*Prompt*: When the line with "#2316 = DIRECTION" appears below, start repeating lines exactly, and keep going through the line with "#2359 = DIRECTION"; add nothing outside that span.

*Material shown*:
»»

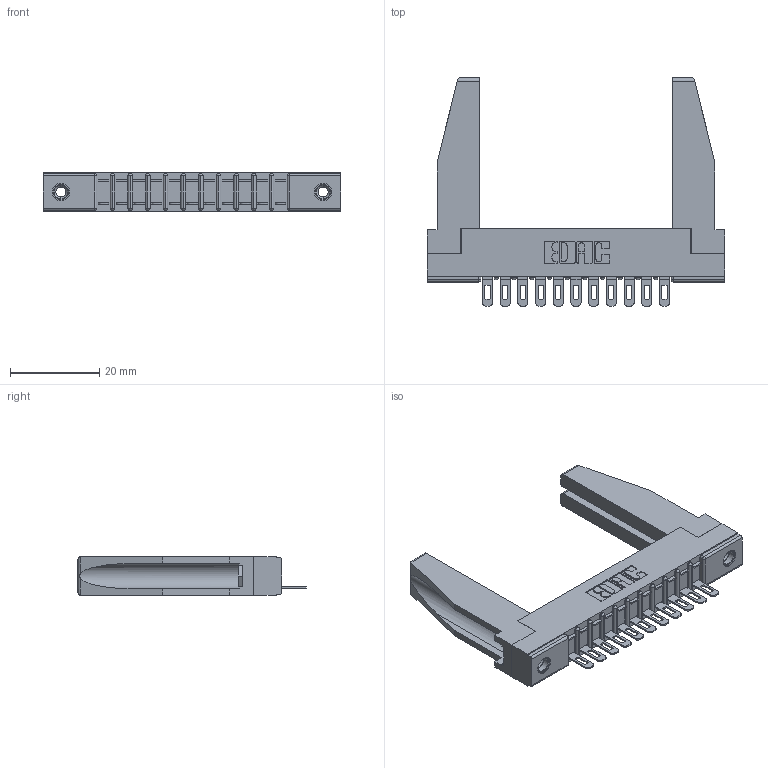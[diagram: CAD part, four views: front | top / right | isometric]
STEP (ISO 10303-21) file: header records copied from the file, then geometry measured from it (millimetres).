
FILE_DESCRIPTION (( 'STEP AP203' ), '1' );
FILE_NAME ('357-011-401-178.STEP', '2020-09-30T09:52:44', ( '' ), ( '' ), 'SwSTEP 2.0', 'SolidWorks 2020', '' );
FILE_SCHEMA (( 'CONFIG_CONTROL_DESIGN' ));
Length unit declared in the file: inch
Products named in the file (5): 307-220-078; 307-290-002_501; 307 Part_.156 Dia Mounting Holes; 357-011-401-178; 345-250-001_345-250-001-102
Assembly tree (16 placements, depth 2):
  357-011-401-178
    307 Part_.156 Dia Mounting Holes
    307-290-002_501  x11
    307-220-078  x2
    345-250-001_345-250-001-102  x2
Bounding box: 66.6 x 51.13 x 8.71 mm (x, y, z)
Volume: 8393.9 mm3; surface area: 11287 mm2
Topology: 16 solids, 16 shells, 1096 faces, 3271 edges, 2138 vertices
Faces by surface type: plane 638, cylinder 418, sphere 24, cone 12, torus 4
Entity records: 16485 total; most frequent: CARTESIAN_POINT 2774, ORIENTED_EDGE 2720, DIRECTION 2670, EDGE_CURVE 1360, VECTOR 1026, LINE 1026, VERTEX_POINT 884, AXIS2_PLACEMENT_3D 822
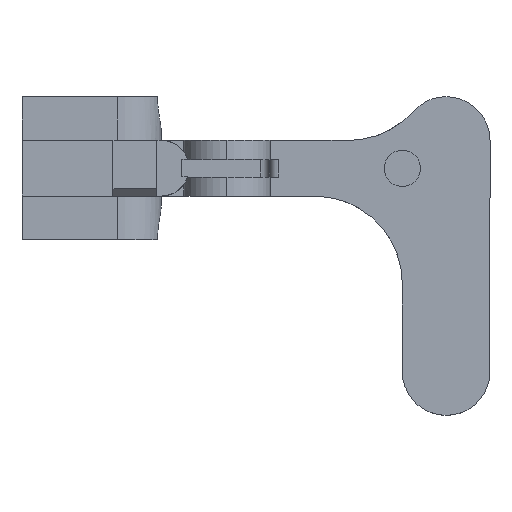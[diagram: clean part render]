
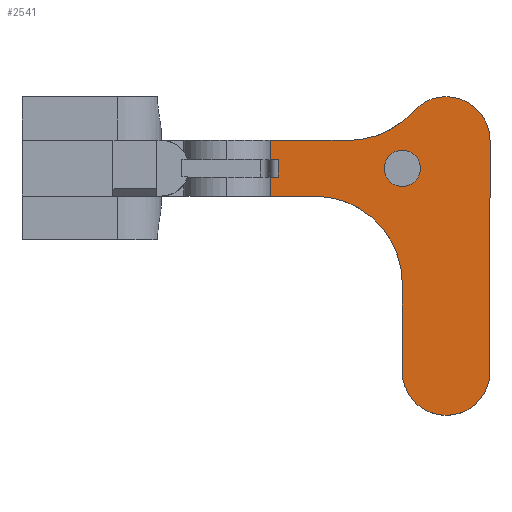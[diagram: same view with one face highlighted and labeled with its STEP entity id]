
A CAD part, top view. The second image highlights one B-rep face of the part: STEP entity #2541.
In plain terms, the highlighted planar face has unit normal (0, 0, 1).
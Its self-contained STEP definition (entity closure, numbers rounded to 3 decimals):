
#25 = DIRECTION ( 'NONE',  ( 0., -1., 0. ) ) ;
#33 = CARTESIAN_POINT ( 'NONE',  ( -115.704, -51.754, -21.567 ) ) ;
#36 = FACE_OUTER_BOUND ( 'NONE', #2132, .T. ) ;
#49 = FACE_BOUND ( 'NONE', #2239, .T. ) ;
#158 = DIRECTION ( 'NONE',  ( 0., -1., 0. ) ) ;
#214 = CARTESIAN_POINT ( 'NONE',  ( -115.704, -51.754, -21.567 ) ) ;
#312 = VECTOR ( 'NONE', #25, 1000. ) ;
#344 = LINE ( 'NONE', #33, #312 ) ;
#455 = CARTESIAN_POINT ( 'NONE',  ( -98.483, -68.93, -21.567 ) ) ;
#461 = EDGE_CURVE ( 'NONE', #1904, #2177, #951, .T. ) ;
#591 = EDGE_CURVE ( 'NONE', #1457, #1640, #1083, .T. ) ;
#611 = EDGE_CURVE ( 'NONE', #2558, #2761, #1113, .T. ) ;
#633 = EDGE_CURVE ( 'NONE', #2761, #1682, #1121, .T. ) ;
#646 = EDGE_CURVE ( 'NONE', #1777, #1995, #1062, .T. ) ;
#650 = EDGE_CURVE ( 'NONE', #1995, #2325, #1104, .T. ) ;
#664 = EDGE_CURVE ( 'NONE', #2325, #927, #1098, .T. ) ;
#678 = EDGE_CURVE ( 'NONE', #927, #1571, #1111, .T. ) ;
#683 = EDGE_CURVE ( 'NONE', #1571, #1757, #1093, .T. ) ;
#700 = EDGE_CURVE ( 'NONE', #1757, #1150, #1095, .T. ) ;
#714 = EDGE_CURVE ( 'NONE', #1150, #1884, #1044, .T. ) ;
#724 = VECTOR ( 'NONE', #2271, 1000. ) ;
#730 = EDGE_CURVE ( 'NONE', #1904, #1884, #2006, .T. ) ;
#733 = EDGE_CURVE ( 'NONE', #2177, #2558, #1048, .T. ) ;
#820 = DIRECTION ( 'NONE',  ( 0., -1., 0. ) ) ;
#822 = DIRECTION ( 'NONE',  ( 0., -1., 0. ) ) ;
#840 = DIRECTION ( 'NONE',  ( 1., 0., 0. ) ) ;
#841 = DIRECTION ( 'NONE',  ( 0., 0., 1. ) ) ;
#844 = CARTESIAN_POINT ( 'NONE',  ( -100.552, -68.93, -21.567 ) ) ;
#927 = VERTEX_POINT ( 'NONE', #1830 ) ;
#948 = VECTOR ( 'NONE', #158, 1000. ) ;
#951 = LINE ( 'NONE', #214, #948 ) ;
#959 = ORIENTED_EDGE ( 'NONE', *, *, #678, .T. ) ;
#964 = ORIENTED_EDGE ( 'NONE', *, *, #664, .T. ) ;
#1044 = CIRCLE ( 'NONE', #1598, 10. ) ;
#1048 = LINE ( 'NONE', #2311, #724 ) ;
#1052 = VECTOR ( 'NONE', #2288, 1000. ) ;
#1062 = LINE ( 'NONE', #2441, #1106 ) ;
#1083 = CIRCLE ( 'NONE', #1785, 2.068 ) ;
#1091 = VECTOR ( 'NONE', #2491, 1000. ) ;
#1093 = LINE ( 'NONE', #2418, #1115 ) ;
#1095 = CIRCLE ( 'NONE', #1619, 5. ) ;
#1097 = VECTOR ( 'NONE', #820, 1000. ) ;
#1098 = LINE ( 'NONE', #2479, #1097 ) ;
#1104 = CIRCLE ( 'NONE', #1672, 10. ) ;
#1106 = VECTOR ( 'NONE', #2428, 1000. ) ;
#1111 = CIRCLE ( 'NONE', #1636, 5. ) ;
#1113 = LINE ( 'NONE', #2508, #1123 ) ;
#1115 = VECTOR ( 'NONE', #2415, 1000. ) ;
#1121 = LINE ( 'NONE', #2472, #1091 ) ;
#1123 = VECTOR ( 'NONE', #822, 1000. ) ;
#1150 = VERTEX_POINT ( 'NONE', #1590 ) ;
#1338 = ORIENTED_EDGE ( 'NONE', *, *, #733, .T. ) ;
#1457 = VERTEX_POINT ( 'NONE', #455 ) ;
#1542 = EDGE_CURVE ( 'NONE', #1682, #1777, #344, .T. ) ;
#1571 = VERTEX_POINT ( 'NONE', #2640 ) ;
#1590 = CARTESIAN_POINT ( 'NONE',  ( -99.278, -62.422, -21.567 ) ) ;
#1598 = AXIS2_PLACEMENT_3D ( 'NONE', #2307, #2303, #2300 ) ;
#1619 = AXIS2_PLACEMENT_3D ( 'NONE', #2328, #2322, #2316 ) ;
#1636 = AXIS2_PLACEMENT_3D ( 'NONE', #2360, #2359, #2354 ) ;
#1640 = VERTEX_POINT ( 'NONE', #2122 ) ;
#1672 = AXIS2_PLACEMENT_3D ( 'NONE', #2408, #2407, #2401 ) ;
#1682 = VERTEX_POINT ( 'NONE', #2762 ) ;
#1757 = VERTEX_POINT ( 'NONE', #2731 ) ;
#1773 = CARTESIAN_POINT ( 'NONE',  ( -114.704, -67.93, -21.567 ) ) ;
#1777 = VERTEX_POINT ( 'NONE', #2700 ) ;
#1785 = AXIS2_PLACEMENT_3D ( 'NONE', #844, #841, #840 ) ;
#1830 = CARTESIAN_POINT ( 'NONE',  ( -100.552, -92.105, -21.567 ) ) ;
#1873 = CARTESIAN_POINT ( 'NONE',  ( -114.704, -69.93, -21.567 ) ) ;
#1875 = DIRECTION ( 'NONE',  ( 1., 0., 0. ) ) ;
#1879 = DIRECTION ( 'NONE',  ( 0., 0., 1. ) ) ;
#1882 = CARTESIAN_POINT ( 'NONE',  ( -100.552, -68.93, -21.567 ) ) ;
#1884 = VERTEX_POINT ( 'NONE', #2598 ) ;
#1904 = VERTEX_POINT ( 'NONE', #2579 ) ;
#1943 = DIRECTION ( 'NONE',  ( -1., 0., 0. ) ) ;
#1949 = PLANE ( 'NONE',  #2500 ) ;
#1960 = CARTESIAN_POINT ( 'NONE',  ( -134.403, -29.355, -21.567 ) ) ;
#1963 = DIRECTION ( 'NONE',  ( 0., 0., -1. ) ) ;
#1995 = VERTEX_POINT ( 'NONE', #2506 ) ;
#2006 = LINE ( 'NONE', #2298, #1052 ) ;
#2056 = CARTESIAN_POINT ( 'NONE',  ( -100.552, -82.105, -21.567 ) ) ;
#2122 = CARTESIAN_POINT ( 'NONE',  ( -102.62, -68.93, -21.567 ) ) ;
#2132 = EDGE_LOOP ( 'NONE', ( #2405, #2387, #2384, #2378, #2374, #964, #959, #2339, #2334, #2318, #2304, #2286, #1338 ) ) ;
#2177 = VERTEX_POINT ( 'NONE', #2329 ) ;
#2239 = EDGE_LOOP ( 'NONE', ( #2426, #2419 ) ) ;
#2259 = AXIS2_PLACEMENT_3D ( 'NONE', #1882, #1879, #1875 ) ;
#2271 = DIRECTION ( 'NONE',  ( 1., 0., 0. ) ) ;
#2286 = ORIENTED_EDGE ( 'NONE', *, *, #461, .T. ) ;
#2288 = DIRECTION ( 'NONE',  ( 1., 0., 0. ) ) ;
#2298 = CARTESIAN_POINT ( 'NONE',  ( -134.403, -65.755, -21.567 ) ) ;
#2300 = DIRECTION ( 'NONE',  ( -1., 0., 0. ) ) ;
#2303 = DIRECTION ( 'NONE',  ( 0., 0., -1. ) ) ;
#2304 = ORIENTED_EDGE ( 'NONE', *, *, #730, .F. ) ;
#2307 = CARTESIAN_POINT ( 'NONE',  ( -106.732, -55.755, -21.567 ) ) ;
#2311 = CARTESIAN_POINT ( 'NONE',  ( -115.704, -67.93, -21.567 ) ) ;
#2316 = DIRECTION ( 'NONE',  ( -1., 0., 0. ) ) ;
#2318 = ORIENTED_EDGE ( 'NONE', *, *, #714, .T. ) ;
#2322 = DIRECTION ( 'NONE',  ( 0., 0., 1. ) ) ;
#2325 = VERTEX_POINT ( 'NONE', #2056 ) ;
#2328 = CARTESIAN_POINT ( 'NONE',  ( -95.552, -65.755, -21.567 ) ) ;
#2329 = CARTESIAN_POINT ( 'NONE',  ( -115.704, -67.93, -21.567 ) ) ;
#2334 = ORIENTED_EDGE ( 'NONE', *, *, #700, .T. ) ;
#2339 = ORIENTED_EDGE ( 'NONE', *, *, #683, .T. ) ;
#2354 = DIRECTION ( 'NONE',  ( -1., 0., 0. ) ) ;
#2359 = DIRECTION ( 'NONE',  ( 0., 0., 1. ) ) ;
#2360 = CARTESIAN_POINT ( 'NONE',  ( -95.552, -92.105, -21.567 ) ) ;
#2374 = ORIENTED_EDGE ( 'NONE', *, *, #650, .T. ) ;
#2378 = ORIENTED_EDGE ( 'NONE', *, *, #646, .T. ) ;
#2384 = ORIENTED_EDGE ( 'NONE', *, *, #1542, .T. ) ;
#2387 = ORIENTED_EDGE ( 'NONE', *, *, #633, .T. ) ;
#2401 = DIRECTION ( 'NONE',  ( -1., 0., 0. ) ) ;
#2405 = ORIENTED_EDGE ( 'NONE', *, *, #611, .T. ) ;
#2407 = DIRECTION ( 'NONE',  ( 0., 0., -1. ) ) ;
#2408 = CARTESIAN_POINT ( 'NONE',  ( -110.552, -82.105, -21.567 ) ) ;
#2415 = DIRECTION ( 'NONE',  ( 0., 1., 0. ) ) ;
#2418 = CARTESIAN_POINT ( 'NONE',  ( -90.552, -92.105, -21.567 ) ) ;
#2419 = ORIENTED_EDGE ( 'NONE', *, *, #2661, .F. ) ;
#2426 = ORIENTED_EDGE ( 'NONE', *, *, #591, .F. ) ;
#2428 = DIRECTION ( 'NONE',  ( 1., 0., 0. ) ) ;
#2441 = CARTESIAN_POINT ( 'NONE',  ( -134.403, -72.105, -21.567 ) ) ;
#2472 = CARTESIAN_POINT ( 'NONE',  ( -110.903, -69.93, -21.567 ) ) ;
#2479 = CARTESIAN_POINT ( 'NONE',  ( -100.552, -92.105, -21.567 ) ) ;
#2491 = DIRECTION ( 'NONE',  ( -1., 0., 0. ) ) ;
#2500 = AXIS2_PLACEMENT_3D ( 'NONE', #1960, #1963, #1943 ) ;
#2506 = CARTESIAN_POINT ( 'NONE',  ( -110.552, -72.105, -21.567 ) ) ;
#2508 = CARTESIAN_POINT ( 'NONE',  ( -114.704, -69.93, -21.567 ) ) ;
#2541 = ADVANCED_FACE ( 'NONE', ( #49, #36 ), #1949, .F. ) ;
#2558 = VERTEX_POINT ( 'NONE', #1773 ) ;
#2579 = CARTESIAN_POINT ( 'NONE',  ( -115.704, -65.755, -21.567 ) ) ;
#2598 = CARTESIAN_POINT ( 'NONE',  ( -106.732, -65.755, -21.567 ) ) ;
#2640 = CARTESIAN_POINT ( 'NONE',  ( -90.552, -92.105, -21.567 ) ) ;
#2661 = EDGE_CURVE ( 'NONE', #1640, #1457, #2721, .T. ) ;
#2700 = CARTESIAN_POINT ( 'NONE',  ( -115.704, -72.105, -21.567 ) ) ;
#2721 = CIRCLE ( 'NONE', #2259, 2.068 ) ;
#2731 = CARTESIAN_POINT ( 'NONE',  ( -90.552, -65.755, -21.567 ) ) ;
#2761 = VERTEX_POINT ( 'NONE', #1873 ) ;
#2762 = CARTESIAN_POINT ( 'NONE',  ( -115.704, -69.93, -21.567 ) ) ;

««

*Output*:
#2316 = DIRECTION ( 'NONE',  ( -1., 0., 0. ) ) ;
#2318 = ORIENTED_EDGE ( 'NONE', *, *, #714, .T. ) ;
#2322 = DIRECTION ( 'NONE',  ( 0., 0., 1. ) ) ;
#2325 = VERTEX_POINT ( 'NONE', #2056 ) ;
#2328 = CARTESIAN_POINT ( 'NONE',  ( -95.552, -65.755, -21.567 ) ) ;
#2329 = CARTESIAN_POINT ( 'NONE',  ( -115.704, -67.93, -21.567 ) ) ;
#2334 = ORIENTED_EDGE ( 'NONE', *, *, #700, .T. ) ;
#2339 = ORIENTED_EDGE ( 'NONE', *, *, #683, .T. ) ;
#2354 = DIRECTION ( 'NONE',  ( -1., 0., 0. ) ) ;
#2359 = DIRECTION ( 'NONE',  ( 0., 0., 1. ) ) ;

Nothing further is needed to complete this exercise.